Injuries that involve body tissues apart from bone are generally classified as soft tissue injuries. Sprains, strains and bruises are all soft tissue injuries, although the cause and tissues involved in each injury are different.

A sprain is an injury that involves the ligaments and other soft tissues around a joint, such as an ankle or wrist.

A strain occurs away from a joint and involves a torn or overstretched muscle or tendon, commonly in the calf, thigh or lower back.

A bruise is a soft tissue injury that involves the skin and nearby tissues following a blow or other forces that break a blood vessel close to the surface of the body. Bruising may be seen with either a sprain or strain.

Symptoms and signs – Not all may be present

  • pain at the site of the injury, often severe with a sprain or strain
  • loss of power in the injured area, especially with a sprained joint
  • swelling of injured area

How you can help

Apply ‘RICE’: Rest, Ice, Compression, Elevation.

1.      Assist the patient to rest in a comfortable position

  • Assist the patient into the position of greatest comfort, generally sitting with support or lying down.
  • Rest for up to 24 hours is helpful but gentle movement of the affected joint should be encouraged after that time.

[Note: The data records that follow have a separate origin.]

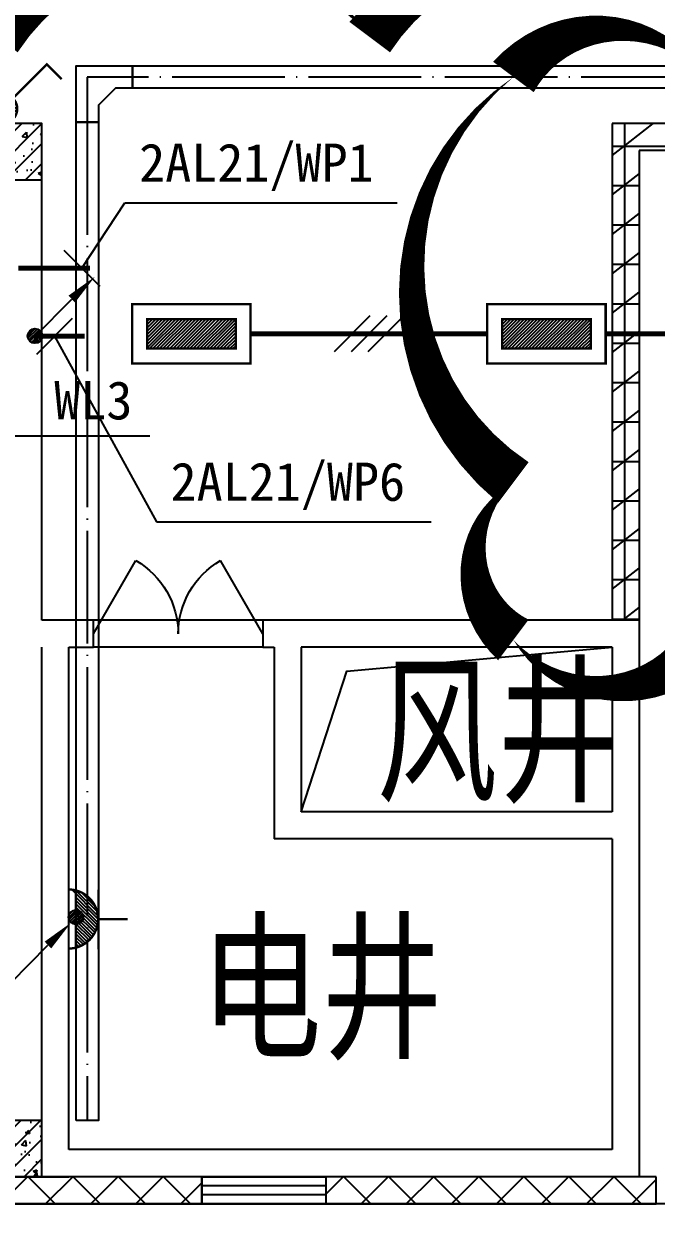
# Model space of a CAD drawing. Header units: millimetres. Extents: x -633009578 to 5705885, y -633235091 to 2571734.
# Drawn here: x 2787611 to 2793220, y 1855632 to 1866235 of the extents above; entities that cross this region are included whole.
import ezdxf

# ---------------------------------------------------------------- set-up
doc = ezdxf.new("R2010")
doc.units = ezdxf.units.MM
doc.header["$LTSCALE"] = 1000
doc.header["$MEASUREMENT"] = 0
doc.linetypes.add('DOTE', pattern=[2.4200000000000004, 2, -0.2, 0.02, -0.2])
doc.layers.get('0').update_dxf_attribs({"color": 9})
for name, color, linetype in [('3T_WOOD', 21, 'Continuous'), ('A-COLUM(柱)', 255, 'Continuous'), ('A-DOOR(门）', 4, 'Continuous'), ('A-F-AREA(计算)', 5, 'Continuous'), ('A-HATH(填充)', 8, 'Continuous'), ('A-OTHER(其它)', 192, 'Continuous'), ('A-TEXT(房间)', 243, 'Continuous'), ('A-WALL(墙)', 255, 'Continuous'), ('A-WINDOW（窗）', 4, 'Continuous'), ('DIM_MODI', 6, 'Continuous'), ('WALL', 9, 'Continuous'), ('电-弱电平面-箭头', 3, 'Continuous'), ('电-强电平面-标注', 3, 'Continuous'), ('电-强电平面-线缆', 3, 'Continuous'), ('电-桥架', 4, 'Continuous'), ('设备-插座', 3, 'Continuous'), ('设备-照明', 3, 'Continuous')]:
    doc.layers.add(name, color=color, linetype=linetype)
doc.styles.add('_TCH', font='simhei.ttf', dxfattribs={"width": 0.75, "bigfont": 'hztxt.shx'})
doc.styles.add('ELEC-DIM', font='simhei.ttf')
doc.styles.add('IDQSTYLE', font='simhei.ttf', dxfattribs={"width": 0.707, "bigfont": 'hztxt.shx'})
pattern_1 = [(0, (-1310557.920547385, -2.793967723846436e-09), (0, 350), []), (37.875, (-1310157.920547385, -2.793967723846436e-09), (-169.61527734408, 218.0766567528281), []), (90, (-1310157.920547385, -2.793967723846436e-09), (-450, 2.755455298081545e-14), [])]
pattern_2 = [(45, (-1310357.920547385, -2.793967723846436e-09), (-200.0002033111466, 200.0002033111467), []), (135, (-1310357.920547385, -2.793967723846436e-09), (-200.0002033111467, -200.0002033111466), [])]

# ---------------------------------------------------------------- blocks, each defined once
blk = doc.blocks.new('$TCHSYS$WIN2D')
for p, q in [((-0.5, 0.5), (0.5, 0.5)), ((-0.5, 0.5), (-0.4999999999999999, -0.5)), ((0.5, 0.5), (0.4999999999999998, -0.5)), ((0.5, 0.1666666666666666), (-0.5, 0.1666666666666666)), ((0.5, -0.1666666666666667), (-0.5, -0.1666666666666667)), ((-0.4999999999999999, -0.5), (0.5, -0.5))]:
    blk.add_line(p, q)
blk = doc.blocks.new('$DorLib2D$00000231')
at = {"color": 0}
for p, q in [((-0.4999999999999947, 7.105427357601002e-15), (-0.2500000000000284, 0.4330127018921708)), ((0.5000000000000053, 7.105427357601002e-15), (0.250000000000032, 0.4330127018921708))]:
    blk.add_line(p, q, dxfattribs=at)
for centre, radius, start, end in [((-0.4999999999996803, 3.055333763768431e-13), 0.499999999999681, 0, 59.99999999996344), ((0.5000000000000426, -2.486899575160351e-14), 0.4999999999999835, 120.0000000000366, 180)]:
    blk.add_arc(centre, radius, start, end, dxfattribs=at)
blk = doc.blocks.new('_FZH')
h = blk.add_hatch()
h.set_pattern_fill('钢筋混凝土', color=256, scale=0.1, style=0)
h.set_pattern_definition([(45, (0, 0), (-0.1767766952966369, 0.1767766952966369), []), (50, (0, 0), (0.7172601826007535, -0.06275213498259512), [0.07500000000000001, -0.8250000000000001]), (355, (0, 0), (-0.138751333613, 0.7521921337000119), [0.06, -0.66]), (100.4514, (0.05977168000000001, -0.00522934), (0.5785093817140216, 0.6894395420609536), [0.06374019, -0.701142112]), (46.1842, (0, 0.2), (1.067241048625645, -0.1655190143290181), [0.1125, -1.2375]), (96.6356, (0.088936745, 0.186206693), (0.9346627055487033, 0.9741178709004418), [0.095610288, -1.051713]), (351.1842, (0, 0.2), (0.9346619451336272, 0.9741186009253247), [0.09000000000000001, -0.9900000000000001]), (21, (0.1, 0.15), (0.5969070521184617, -0.4026188906653388), [0.07500000000000001, -0.8250000000000001]), (326, (0.1, 0.15), (0.2433153319215824, 0.7251500450468529), [0.06, -0.66]), (71.4514, (0.149742233, 0.116448394), (0.84022262858149, 0.3225304967099524), [0.06374019, -0.701142112]), (37.50000000000001, (0, 0), (0.01215985531729062, 0.3328938538313115), [0, -0.652, 0, -0.67, 0, -0.6625000000000001]), (7.499999999999999, (0, 0), (0.2630695374421486, 0.3944117118823603), [0, -0.382, 0, -0.637, 0, -0.2525]), (-32.5, (-0.223, 0), (0.533822436172409, -0.02255487173437976), [0, -0.25, 0, -0.78, 0, -1.035]), (-42.5, (-0.323, 0), (0.5831861693423862, 0.1001049823323177), [0, -0.325, 0, -0.518, 0, -0.735])])
h.paths.add_polyline_path([(-0.5, -0.5), (0.5, -0.5), (0.5, 0.5), (-0.5, 0.5)])
blk.add_lwpolyline([(-0.5, -0.5), (0.5, -0.5), (0.5, 0.5), (-0.5, 0.5)], close=True)
blk = doc.blocks.new('9-3-1')
at = {"layer": 'A-HATH(填充)'}
h = blk.add_hatch(dxfattribs=at)
h.set_pattern_fill('空心砖', color=256, scale=100, style=0)
h.set_pattern_definition(pattern_1)
h.paths.add_polyline_path([(1141090.598288341, 1187132.080887632), (1141090.598288341, 1187372.080887634), (1136950.598288981, 1187372.080887673), (1137190.598288966, 1187132.080887636)])
h = blk.add_hatch(dxfattribs=at)
h.set_pattern_fill('空心砖', color=256, scale=100, style=0)
h.set_pattern_definition(pattern_1)
h.paths.add_polyline_path([(1137190.598288966, 1187132.080887636), (1136950.598288981, 1187372.080887673), (1136950.598289005, 1182962.080887373), (1137190.598289005, 1182962.080887373)])
h = blk.add_hatch(dxfattribs=at)
h.set_pattern_fill('多孔材料', color=256, scale=100, style=0)
h.set_pattern_definition(pattern_2)
h.paths.add_polyline_path([(1131030.598288065, 1177782.080887657), (1133310.598287556, 1177782.080887659), (1133310.598287556, 1178022.080887674), (1131030.598288065, 1178022.080887674)])
h = blk.add_hatch(dxfattribs=at)
h.set_pattern_fill('多孔材料', color=256, scale=100, style=0)
h.set_pattern_definition(pattern_2)
h.paths.add_polyline_path([(1134410.598287556, 1177782.080887659), (1137340.637576903, 1177782.080887662), (1137340.637576903, 1178022.080887673), (1134410.598287556, 1178022.080887673)])
at = {"layer": 'A-DOOR(门）'}
for p, q in [((1133850.598285003, 1182962.080887342), (1132350.598285003, 1182962.080887342)), ((1133850.598285003, 1182722.080887342), (1132350.598285003, 1182722.080887342))]:
    blk.add_line(p, q, dxfattribs=at)
at = {"layer": 'A-F-AREA(计算)'}
blk.add_lwpolyline([(1121700.575826842, 1313862.080936), (1255980.575826842, 1313862.080936), (1255980.575826842, 1177782.080936), (1121700.575826842, 1177782.080936)], close=True, dxfattribs=at)
at = {"layer": 'A-OTHER(其它)'}
blk.add_lwpolyline([(1134190.59828907, 1181262.080887329), (1134597.473094149, 1182511.298086202), (1136950.59828907, 1182722.080887368)], dxfattribs=at)
at = {"layer": 'A-WALL(墙)'}
for p, q in [((1141090.598288553, 1187372.080887618), (1136950.598288981, 1187372.080887673)), ((1136950.598288981, 1187372.080887673), (1136950.598289005, 1182962.080887373)), ((1141090.598288553, 1187132.080887684), (1137190.598288966, 1187132.080887636)), ((1137190.598288966, 1187132.080887636), (1137190.598289005, 1182962.080887373)), ((1131890.598288342, 1185372.080887451), (1131890.598288336, 1186872.080887693)), ((1131890.598288351, 1182962.080886342), (1131890.598288342, 1185372.080887451)), ((1132010.59828834, 1182962.080887342), (1131890.598288351, 1182962.080886342)), ((1132350.598285013, 1182962.080887419), (1132010.59828834, 1182962.080887342)), ((1132350.598285013, 1182722.080887479), (1132350.598285013, 1182962.080887419)), ((1134070.598289084, 1182962.080887342), (1133850.598285013, 1182962.080887419)), ((1133850.598285013, 1182962.080887419), (1133850.598285013, 1182722.080887479)), ((1137190.59828907, 1182962.080887374), (1134070.598289084, 1182962.080887342)), ((1137190.598289005, 1182962.080887373), (1136950.598289005, 1182962.080887373)), ((1137190.59828907, 1182962.080887374), (1137190.598289004, 1181142.080887342)), ((1131890.59828834, 1178142.08088767), (1131890.598288321, 1182722.080886341)), ((1131890.598288321, 1182722.080886341), (1131890.598288405, 1182722.080886341)), ((1131890.598288341, 1178522.080887664), (1131890.598288405, 1182722.080886341)), ((1132130.598288337, 1178262.080887683), (1132130.598288337, 1182722.080887506)), ((1132130.598288337, 1182722.080887506), (1132350.598285013, 1182722.080887479)), ((1133850.598285013, 1182722.080887479), (1133950.59828907, 1182722.080887506)), ((1133950.59828907, 1182722.080887506), (1133950.59828907, 1181022.080887322)), ((1136950.59828907, 1182722.080887205), (1134190.59828907, 1182722.080887205)), ((1134190.59828907, 1182722.080887205), (1134190.59828907, 1181262.080887329)), ((1136950.59828907, 1182722.080887205), (1136950.59828907, 1181262.080887329)), ((1136950.59828907, 1181262.080887329), (1134190.59828907, 1181262.080887329)), ((1137190.598289004, 1181142.080887342), (1137190.598289104, 1178022.080887617)), ((1136950.598289078, 1181022.080887322), (1133950.59828907, 1181022.080887322)), ((1136950.598289078, 1181022.080887322), (1136950.598289078, 1178262.080887683)), ((1136950.598289078, 1178262.080887683), (1132130.598288337, 1178262.080887683)), ((1131890.59828834, 1178022.080887664), (1131890.59828834, 1178142.08088767)), ((1131890.59828834, 1178022.080887664), (1132130.59828834, 1178022.080887664)), ((1137190.598289104, 1178022.080887617), (1132130.59828825, 1178022.080887617)), ((1132130.59828834, 1178022.080887664), (1132130.59828825, 1178022.080887617))]:
    blk.add_line(p, q, dxfattribs=at)
at = {"layer": 'DIM_MODI', "color": 8}
for points in [[(1131496.072684523, 1188139.578224389, 0, 450, 0.5), (1131496.072684523, 1185889.578224389, 0, 450, 0.5), (1131496.072684523, 1184089.578224389, 0, 450, 0.5), (1131496.072684523, 1182139.578224389, 0, 450, 0.5), (1131496.072684523, 1179439.578224389, 0, 450, 0.5), (1131496.072684523, 1176740.561876588, 0, 450, 0.5), (1133296.072684523, 1176740.561876588, 0, 450, 0.5), (1135546.072684523, 1176740.561876588, 0, 450, 0.5), (1137946.072684523, 1176740.561876588, 0, 450, 0.5), (1141996.072684523, 1176740.561876588, 0, 450, 0.5), (1143946.072684523, 1176740.561876588, 0, 450, 0.5), (1146346.072684523, 1176740.561876588, 0, 450, 0.5), (1146499.92932396, 1176740.561876588, 0, 450, 0.5), (1146499.92932396, 1180790.561876588, 0, 450, 0.5), (1146499.92932396, 1184840.561876588, 0, 450, 0.5), (1146499.92932396, 1187690.561876588, 0, 450, 0.5), (1146499.92932396, 1188139.578224389, 0, 450, 0.5), (1143799.92932396, 1188139.578224389, 0, 450, 0.5), (1141549.92932396, 1188139.578224389, 0, 450, 0.5), (1137949.92932396, 1188139.578224389, 0, 450, 0.5), (1134799.92932396, 1188139.578224389, 0, 450, 0.5)], [(1136074.507239696, 1187785.557983441, 0, 450, 0.5), (1136074.507239696, 1184185.557983441, 0, 450, 0.5), (1136074.507239696, 1182787.378345227, 0, 450, 0.5), (1137778.744727131, 1182787.378345227, 0, 450, 0.5), (1137778.744727131, 1185037.378345227, 0, 450, 0.5), (1137778.744727131, 1186537.378345227, 0, 450, 0.5), (1137778.744727131, 1187785.557983441, 0, 450, 0.5)]]:
    blk.add_lwpolyline(points, format="xyseb", close=True, dxfattribs=at)
at = {"layer": 'WALL'}
for p, q in [((1133310.598287556, 1178022.080887674), (1131030.598288065, 1178022.080887674)), ((1133310.598287556, 1177782.080887659), (1133310.598287556, 1178022.080887674)), ((1137340.637576903, 1178022.080887673), (1134410.598287556, 1178022.080887673)), ((1134410.598287556, 1178022.080887673), (1134410.598287556, 1177782.080887659)), ((1137340.637576903, 1177782.080887662), (1137340.637576903, 1178022.080887673)), ((1131030.598288065, 1177782.080887657), (1133310.598287556, 1177782.080887659)), ((1134410.598287556, 1177782.080887659), (1137340.637576903, 1177782.080887662))]:
    blk.add_line(p, q, dxfattribs=at)
at = {"layer": 'A-COLUM(柱)', "xscale": 500, "yscale": 500, "zscale": 500}
for p in [(1131640.598288341, 1187122.080887664), (1131640.598288341, 1178272.080887664)]:
    blk.add_blockref('_FZH', p, dxfattribs=at)
at = {"layer": 'A-DOOR(门）', "xscale": -1500, "yscale": 1500, "zscale": 1500}
blk.add_blockref('$DorLib2D$00000231', (1133100.598285003, 1182842.080887342), dxfattribs=at)
at = {"layer": 'A-WINDOW（窗）', "xscale": 1100, "yscale": 240, "zscale": 1100}
blk.add_blockref('$TCHSYS$WIN2D', (1133860.598287499, 1177902.080887664), dxfattribs=at)
at = {"layer": 'A-TEXT(房间)', "style": '_TCH', "width": 0.75}
for s, p in [('风井', (1134859.052260236, 1181460.264796913)), ('电井', (1133298.462512171, 1179180.770318559))]:
    blk.add_text(s, height=1050, dxfattribs=at).set_placement(p)
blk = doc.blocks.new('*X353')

2.      Apply ice for significant pain

  • An ice pack will help to reduce pain. It can be applied for 10 to 20 minutes at a time and can be repeated once if pain persists.
  • To get the best effect from the ice and to avoid burning the skin, always wrap an ice pack in a damp cloth before applying it.

Avoid prolonged or direct application of ice.

Apply ice for significant pain

Apply ice for significant pain

3.      Consider applying a compressing bandage

  • Use a good-quality crepe roller bandage on an injured limb.
  • Ensure that firm and even pressure is applied to the injured part without slowing the circulation of blood to the fingers or toes of the affected limb.
  • If the bandage increases the pain, DO NOT persist with it.

A compressing bandage is not always necessary. However it may be useful if there is visible bruising.

4.      Keep the injured area elevated and at rest and arrange for medical advice

  • Ensure rest with elevation of the injured area for the first 24 to 48 hours.
  • Use simple pain relief such as paracetamol during the first 24 to 48 hours, following directions on the package.
  • Patients who have significant loss of function or severe pain should be seen by a doctor or physiotherapist. All patients should be advised to see a doctor or physiotherapist if their symptoms are not improving within two days, or earlier if worsening.
Keep the injured area elevated and at rest and arrange for medical advice

Keep the injured area elevated and at rest and arrange for medical advice

If the patient is in severe pain, or unable to be assisted to a car for transport – call 111 for an ambulance.

If the injury involves the lower back or neck, an ambulance is the best form of transport to avoid risk of further injury and stress.